# Audi Brings quattro Back to the Race Track with New R18 e-tron quattro



## [email protected] (Apr 9, 2004)

Ingolstadt/Munich – Motor sport is used yet again by AUDI AG to pioneer new technology: the brand with the four ring’s new Le Mans race car is the world’s first LMP1 car to combine a highly-efficient TDI with a hybrid system. quattro drive also celebrates its comeback to the race track with the prototype – in a entirely new form.


* Full Story *


----------



## mynameisnigel (Mar 4, 2006)

That is what I call very clever marketing !

The Audi guys really rock, including Audi's marketing. While it is logic to use the WEC and Le Mans platform to communicate about Audi's upcoming range of "e-tron" models, combining it with the well-known "quattro" designation that is strongly associated to Audi's sport heritage (and current car branding) is very clever.

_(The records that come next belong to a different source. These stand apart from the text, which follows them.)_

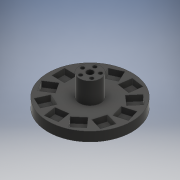
# Autodesk Inventor part: SG02
Saved by Autodesk Inventor 2017 (Build 210142000, 142)
## iProperties
Created: 2019-09-21
Part Number: SG02
Material: ABS Plastic
Document SubType Name: Modeling
Designer: Dell
Density: 1.06 g/cm^3
Appearance: Smooth - Black
Author: Dell
Autodesk Inventor part; units mm, degrees
ref_plane "YZ Plane" through (0, 0, 0) normal (1, 0, 0) x (0, 1, 0)
ref_plane "XZ Plane" through (0, 0, 0) normal (0, 1, 0) x (-1, 0, 0)
ref_plane "XY Plane" through (0, 0, 0) normal (0, 0, 1) x (1, 0, 0)
sketch "Sketch2" plane through (0, 0, 0) normal (0, 0, 1) x (1, 0, 0)
  circle A0 centre (0, 0) radius 45
  dimension "d0" = 90
  constraints: 1 centre point, 1 coincident
  measures "d0" diameter of A0
extrude "Extrusion1" add sketch "Sketch2" along normal blind 10
sketch "Sketch4" plane through (0, 0, 10) normal (0, 0, 1) x (1, 0, 0)
  circle A0 centre (0, 0) radius 11.5
  dimension "d14" = 23
  constraints: 1 centre point, 1 coincident
  measures "d14" diameter of A0
extrude "Extrusion3" add sketch "Sketch4" along normal blind 23
sketch "Sketch5" plane through (0, 0, 33) normal (0, 0, 1) x (1, 0, 0)
  circle A0 centre (-8, 0) radius 2
  circle A1 centre (0, 0) radius 3.5
  circle A2 centre (0, 0) radius 11.5 construction
  circle A3 centre (-2.4721, -7.6085) radius 2
  circle A4 centre (6.4721, -4.7023) radius 2
  circle A5 centre (6.4721, 4.7023) radius 2
  circle A6 centre (-2.4721, 7.6085) radius 2
  dimension "d19" = 4
  dimension "d20" = 8
  dimension "d21" = 360
  dimension "d22" = 7
  constraints: 7 centre point, 1 coincident, 1 horizontal alignment, 11 other
  measures "d19" diameter of A0
  measures "d20" distance of point (0, 0) A0.centre
  measures "d22" diameter of A1
extrude "Extrusion4" cut sketch "Sketch5" against normal through all
sketch "Sketch6" plane through (0, 0, 10) normal (0, 0, 1) x (1, 0, 0)
  line L0 (-40, 0) -> (-27.3, 0)
  line L1 (-27.3, 0) -> (-27.3, 12.7)
  line L2 (-27.3, 12.7) -> (-40, 12.7)
  line L3 (-40, 12.7) -> (-40, 0)
  line L4 (-40.5, 13.2) -> (-26.8, 13.2)
  line L5 (-26.8, 13.2) -> (-26.8, -0.5)
  line L6 (-26.8, -0.5) -> (-40.5, -0.5)
  line L7 (-40.5, -0.5) -> (-40.5, 13.2)
  line L8 (-33.6501, -21.6256) -> (-22.9662, -14.7595)
  line L9 (-22.9662, -14.7595) -> (-29.8324, -4.0756)
  line L10 (-29.8324, -4.0756) -> (-40.5163, -10.9417)
  line L11 (-40.5163, -10.9417) -> (-33.6501, -21.6256)
  line L12 (-41.2072, -10.7914) -> (-29.6821, -3.3846)
  line L13 (-29.6821, -3.3846) -> (-22.2753, -14.9098)
  line L14 (-22.2753, -14.9098) -> (-33.8004, -22.3166)
  line L15 (-33.8004, -22.3166) -> (-41.2072, -10.7914)
  line L16 (-16.6166, -36.3853) -> (-11.3408, -24.833)
  line L17 (-11.3408, -24.833) -> (-22.8932, -19.5572)
  line L18 (-22.8932, -19.5572) -> (-28.1689, -31.1095)
  line L19 (-28.1689, -31.1095) -> (-16.6166, -36.3853)
  line L20 (-28.8315, -31.3566) -> (-23.1403, -18.8947)
  line L21 (-23.1403, -18.8947) -> (-10.6783, -24.5858)
  line L22 (-10.6783, -24.5858) -> (-16.3695, -37.0478)
  line L23 (-16.3695, -37.0478) -> (-28.8315, -31.3566)
  line L24 (5.6926, -39.5929) -> (3.8852, -27.0221)
  line L25 (3.8852, -27.0221) -> (-8.6855, -28.8295)
  line L26 (-8.6855, -28.8295) -> (-6.8781, -41.4003)
  line L27 (-6.8781, -41.4003) -> (5.6926, -39.5929)
  line L28 (-7.3019, -41.9663) -> (-9.2516, -28.4058)
  line L29 (-9.2516, -28.4058) -> (4.3089, -26.4561)
  line L30 (4.3089, -26.4561) -> (6.2587, -40.0166)
  line L31 (6.2587, -40.0166) -> (-7.3019, -41.9663)
  line L32 (26.1944, -30.23) -> (17.8777, -20.632)
  line L33 (17.8777, -20.632) -> (8.2797, -28.9487)
  line L34 (8.2797, -28.9487) -> (16.5964, -38.5467)
  line L35 (16.5964, -38.5467) -> (26.1944, -30.23)
  line L36 (16.546, -39.252) -> (7.5744, -28.8983)
  line L37 (7.5744, -28.8983) -> (17.9281, -19.9267)
  line L38 (17.9281, -19.9267) -> (26.8997, -30.2804)
  line L39 (26.8997, -30.2804) -> (16.546, -39.252)
  line L40 (38.3797, -11.2693) -> (26.1942, -7.6913)
  line L41 (26.1942, -7.6913) -> (22.6162, -19.8769)
  line L42 (22.6162, -19.8769) -> (34.8017, -23.4549)
  line L43 (34.8017, -23.4549) -> (38.3797, -11.2693)
  line L44 (35.1406, -24.0755) -> (21.9955, -20.2157)
  line L45 (21.9955, -20.2157) -> (25.8553, -7.0707)
  line L46 (25.8553, -7.0707) -> (39.0003, -10.9304)
  line L47 (39.0003, -10.9304) -> (35.1406, -24.0755)
  line L48 (38.3797, 11.2693) -> (26.1942, 7.6913)
  line L49 (26.1942, 7.6913) -> (29.7722, -4.4943)
  line L50 (29.7722, -4.4943) -> (41.9577, -0.9163)
  line L51 (41.9577, -0.9163) -> (38.3797, 11.2693)
  line L52 (42.5783, -1.2551) -> (29.4333, -5.1149)
  line L53 (29.4333, -5.1149) -> (25.5735, 8.0302)
  line L54 (25.5735, 8.0302) -> (38.7186, 11.8899)
  line L55 (38.7186, 11.8899) -> (42.5783, -1.2551)
  line L56 (26.1944, 30.23) -> (17.8777, 20.632)
  line L57 (17.8777, 20.632) -> (27.4757, 12.3152)
  line L58 (27.4757, 12.3152) -> (35.7924, 21.9133)
  line L59 (35.7924, 21.9133) -> (26.1944, 30.23)
  line L60 (36.4978, 21.9637) -> (27.5262, 11.6099)
  line L61 (27.5262, 11.6099) -> (17.1724, 20.5815)
  line L62 (17.1724, 20.5815) -> (26.144, 30.9353)
  line L63 (26.144, 30.9353) -> (36.4978, 21.9637)
  line L64 (5.6926, 39.5929) -> (3.8852, 27.0221)
  line L65 (3.8852, 27.0221) -> (16.4559, 25.2147)
  line L66 (16.4559, 25.2147) -> (18.2633, 37.7855)
  line L67 (18.2633, 37.7855) -> (5.6926, 39.5929)
  line L68 (18.8294, 38.2092) -> (16.8797, 24.6487)
  line L69 (16.8797, 24.6487) -> (3.3191, 26.5984)
  line L70 (3.3191, 26.5984) -> (5.2688, 40.1589)
  line L71 (5.2688, 40.1589) -> (18.8294, 38.2092)
  line L72 (-16.6166, 36.3853) -> (-11.3408, 24.833)
  line L73 (-11.3408, 24.833) -> (0.2115, 30.1087)
  line L74 (0.2115, 30.1087) -> (-5.0643, 41.6611)
  line L75 (-5.0643, 41.6611) -> (-16.6166, 36.3853)
  line L76 (-4.8172, 42.3236) -> (0.874, 29.8616)
  line L77 (0.874, 29.8616) -> (-11.5879, 24.1704)
  line L78 (-11.5879, 24.1704) -> (-17.2791, 36.6324)
  line L79 (-17.2791, 36.6324) -> (-4.8172, 42.3236)
  line L80 (-33.6501, 21.6256) -> (-22.9662, 14.7595)
  line L81 (-22.9662, 14.7595) -> (-16.1001, 25.4434)
  line L82 (-16.1001, 25.4434) -> (-26.784, 32.3096)
  line L83 (-26.784, 32.3096) -> (-33.6501, 21.6256)
  line L84 (-26.9343, 33.0005) -> (-15.4091, 25.5937)
  line L85 (-15.4091, 25.5937) -> (-22.8159, 14.0685)
  line L86 (-22.8159, 14.0685) -> (-34.3411, 21.4753)
  line L87 (-34.3411, 21.4753) -> (-26.9343, 33.0005)
  point P0 (0, 0)
  dimension "d25" = 12.7
  dimension "d26" = 12.7
  dimension "d27" = 40
  dimension "d28" = 0.5
  dimension "d31" = 360
  constraints: 176 end point, 4 parallel, 2 perpendicular, 1 horizontal, 1 horizontal alignment, 180 other
  measures "d25" distance of L2.end L1.end
  measures "d26" distance of L1.end L0.end
  measures "d27" distance of point (0, 0) L0.start
  measures "d28" distance between parallel lines of L2 L4
extrude "Extrusion5" cut sketch "Sketch6" against normal blind 6.35 contours L3 L2 L1 L0 | L4 L5 L6 L7 | L11 L10 L9 L8 | L12 L13 L14 L15 | L19 L18 L17 L16 | L20 L21 L22 L23 | L27 L26 L25 L24 | L28 L29 L30 L31 | L35 L34 L33 L32 | L36 L37 L38 L39 | L43 L42 L41 L40 | L44 L45 L46 L47 | L51 L50 L49 L48 | L52 L53 L54 L55 | L59 L58 L57 L56 | L60 L61 L62 L63 | L67 L66 L65 L64 | L68 L69 L70 L71 | L75 L74 L73 L72 | L76 L77 L78 L79 | L83 L82 L81 L80 | L84 L85 L86 L87
body "Solid1"

This being said, the "e-tron quattro" designation may be somewhat confusing.

Up to now, I believe that the "e-tron" designation was mostly used in connection with Audi's fully-electric concept cars. I do however recall that Audi recently presented an Audi A1 e-tron concept with a small electric motor delivering power to the rear axle in addition to a conventional combustion engine delivering power to the front axle (or am I wrong ?). Interestingly, but logically, the R18 e-tron quattro works the other way around 

As regards the "quattro" designation, the R18 e-tron quattro is clearly not a true AWD car since power is separately delivered to the front axle for a relatively short duration, and only above 120 km/h.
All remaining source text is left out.